Parents

Mom's Response To Being Called A 'Bad Mommy' Over Son's Tutu Goes Viral

The story ignited a huge response from the social media sphere.

After a stranger called her a bad parent for letting her son wear a tutu, a Massachusetts mom responded to the upsetting words with a powerful message.

Last week, Jen Anderson Shattuck posted a photo of her 3-year-old son Roo wearing a tutu on Facebook. In the caption, she told the story of a distressing encounter that had occurred the day before.

“My three-and-a-half-year-old son likes to play trucks,” she wrote. “He likes to do jigsaw puzzles. He likes to eat plums. And he likes to wear sparkly tutus.”

“If asked, he will say the tutus make him feel beautiful and brave,” Shattuck added. “If asked, he will say there are no rules about what boys can wear or what girls can wear.”

Roo wears tutus to the grocery store, at church, on the train and at the playground, and though some people have asked well-meaning questions about his attire, the fallout has always been fine, the mom explained.

However on the previous day, Shattuck and her tutu-clad son were accosted by a stranger who asked why Roo was wearing a skirt. According to the mom, the strange man said, “I’m just curious. Why do you keep doing this to your son?”

“He wasn’t curious. He didn’t want answers,” Shattuck wrote. “He wanted to make sure we both knew that what my son was doing ― what I was ALLOWING him to do ― was wrong.”

The mom said the man spoke directly to Roo and told him, “She shouldn’t keep doing this to you. You’re a boy. She’s a bad mommy. It’s child abuse.”

“He took pictures of us, although I asked him not to; he threatened me,” Shattuck added. “’Now everyone will know,’ he said. ‘You’ll see.’”

After the troubling interaction, Roo became afraid that the man would come back and shout more mean things about his tutu. Though Shattuck said she can’t say for sure if they’ll meet the man again, she won’t let him threaten her family’s well-being.
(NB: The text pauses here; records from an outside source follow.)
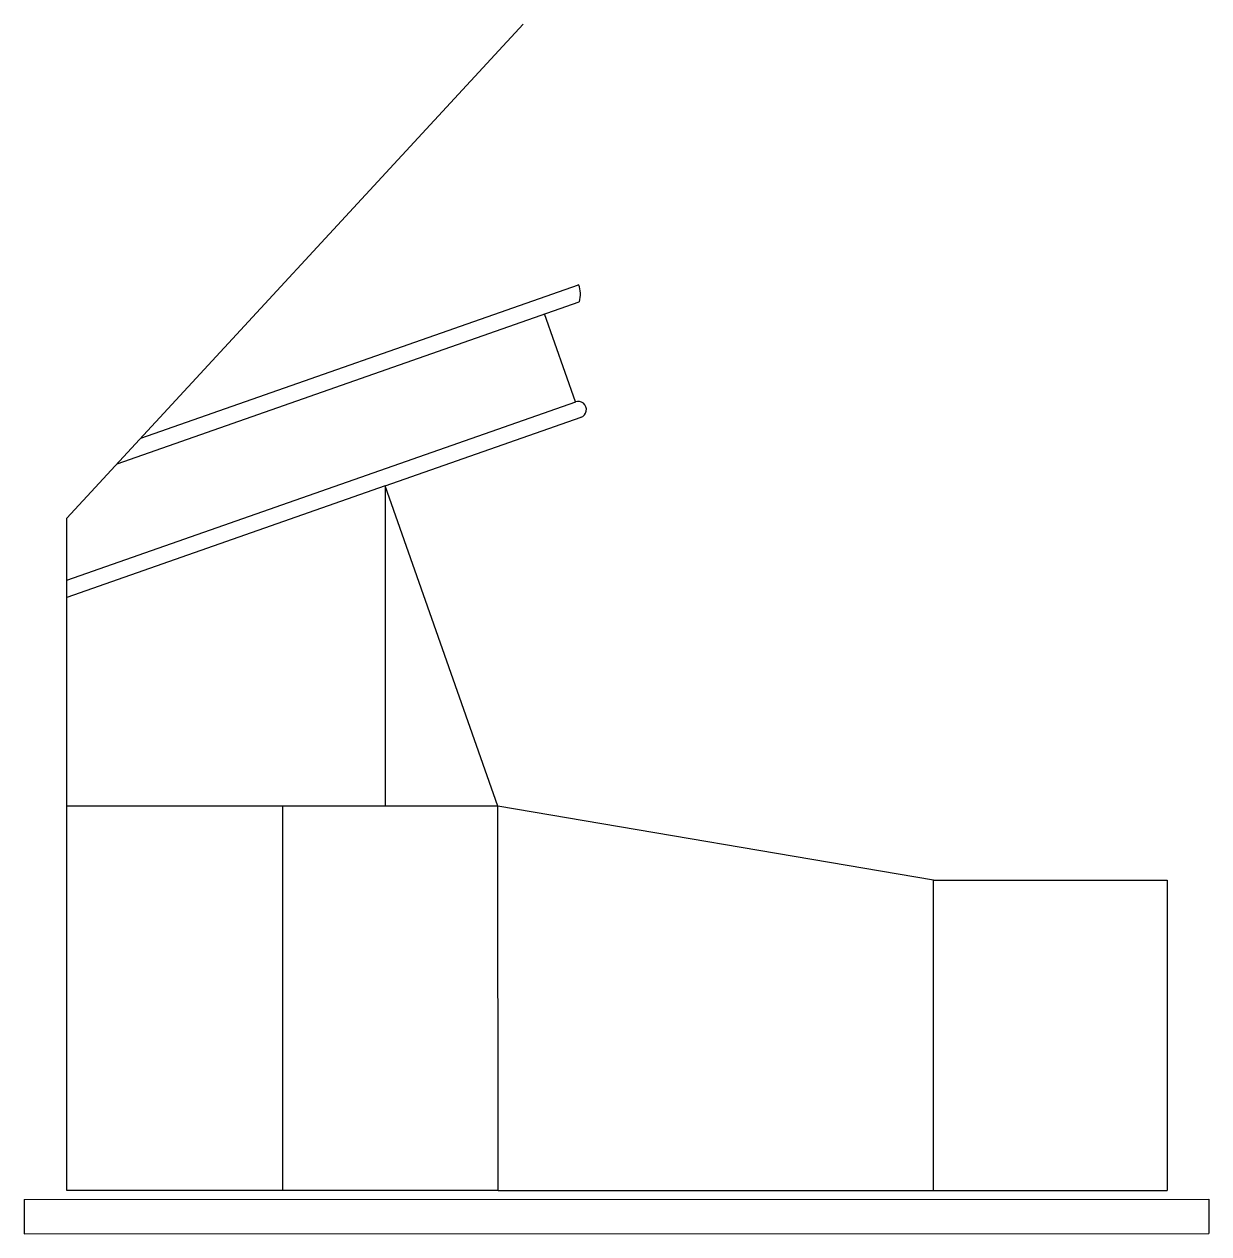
# Model space of a CAD drawing. Header units: millimetres. Extents: x -710 to 7903, y -55 to 3601.
# Drawn here: x -710 to 664, y 1472 to 2875 of the extents above; entities that cross this region are included whole.
import ezdxf

# ---------------------------------------------------------------- set-up
doc = ezdxf.new("R2010")
doc.units = ezdxf.units.MM

msp = doc.modelspace()

# ---------------------------------------------------------------- linework, layer by layer
at = {"color": 1}
for p, q in [((-131.3, 2874.7), (-660.3, 2301.6)), ((-574.6, 2394.5), (-66.9, 2572.5)), ((-602.1, 2364.7), (-66, 2552.7)), ((-70.6, 2436.6), (-106.3, 2538.6)), ((-660.3, 2229.8), (-70.2, 2436.8)), ((-291.1, 2339.2), (-64, 2418.8)), ((-291.1, 2339.2), (-660.3, 2209.7)), ((-160.4, 1967.6), (-291.1, 2339.2)), ((-291.1, 2339.2), (-291.1, 1967.6)), ((-660.3, 2209.7), (-660.3, 2301.6)), ((-660.3, 1967.6), (-660.3, 2209.7)), ((-660.3, 1521.6), (-660.3, 1967.6)), ((-160.4, 1967.6), (-660.3, 1967.6)), ((-410.4, 1967.6), (-410.4, 1521.6)), ((-160.3, 1521.6), (-160.4, 1967.6)), ((344.6, 1881.7), (-160.4, 1967.6)), ((344.6, 1881.7), (615.6, 1881.7)), ((344.6, 1521.7), (344.6, 1881.7)), ((615.6, 1881.7), (615.6, 1521.7)), ((-160.3, 1521.6), (-660.3, 1521.6)), ((-160.3, 1521.6), (344.6, 1521.7)), ((344.6, 1521.7), (615.6, 1521.7))]:
    msp.add_line(p, q, dxfattribs=at)
at = {"color": 5}
for p, q in [((-709.8, 1511.5), (664, 1511.8)), ((-709.8, 1511.5), (-709.8, 1471.5)), ((664, 1511.8), (664, 1471.8)), ((-709.8, 1471.5), (664, 1471.8))]:
    msp.add_line(p, q, dxfattribs=at)
at = {"color": 1}
for centre, radius, start, end in [((-95.1, 2561.4), 30.4, 343.3988, 21.5383), ((-67.3, 2427.7), 9.5, 288.3378, 110.471)]:
    msp.add_arc(centre, radius, start, end, dxfattribs=at)

doc.saveas('drawing.dxf')

In her impassioned Facebook post, she wrote:

I will not be intimidated. I will not be made to feel vulnerable or afraid. I will not let angry strangers tell my son what he can or cannot wear.

The world may not love my son for who he is, but I do. I was put on this earth to make sure he knows it.

I will shout my love from street corners.

I will defend, shouting, his right to walk down the street in peace, wearing whatever items of clothing he wants to wear.

I will show him, in whatever way I can, that I value the person he is, trust in his vision for himself, and support his choices ― no matter what anybody else says, no matter who tries to stop him or how often.

Shattuck’s powerful post has reached over 40,000 likes and shares, and the comments section is filled with supportive messages for Roo, Shattuck and her wife Audra.

The viral post even spawned a social media movement, #TutusForRoo. Using that hashtag, parents and child-free grown-ups alike shared photos of their kids and themselves wearing tutus in support of Roo.

Shattuck told The Huffington Post that she’s been overwhelmed by all the support. “The #TutusForRoo hashtag was started by a friend, and we’ve been thrilled with the response,” she said. “I’ve gotten THOUSANDS (literally thousands) of messages of love and encouragement from around the world, and I really couldn’t be happier to know how many people support us!”

In a follow-up post on Sunday, Shattuck thanked the many friends and kind strangers who shared her post and sent her positive messages.

“If you disagree with my family’s choices, know that my goal is not to change your mind or the way you choose to parent. My only goal is to support my son,” Shattuck wrote.

“Roo may not always want to dress this way, but we hope that he’ll remember that, when he did, he was loved,” she continue. “We hope he’ll know that no matter what other people thought or said in response, there was always peace and safety in our home.”

Speaking on the important role of parents, she added, “We are called to be brave and open-hearted so that our children might learn to be brave and open-hearted too. We are called to show them how to love without condition. I am doing what I am called to do.”

Shattuck echoed this sentiment in an interview with HuffPost, during which she issued the following message to her fellow parents: “Your children need you. Whoever they are, whatever they wish to become, they need your love, your curiosity and your acceptance.”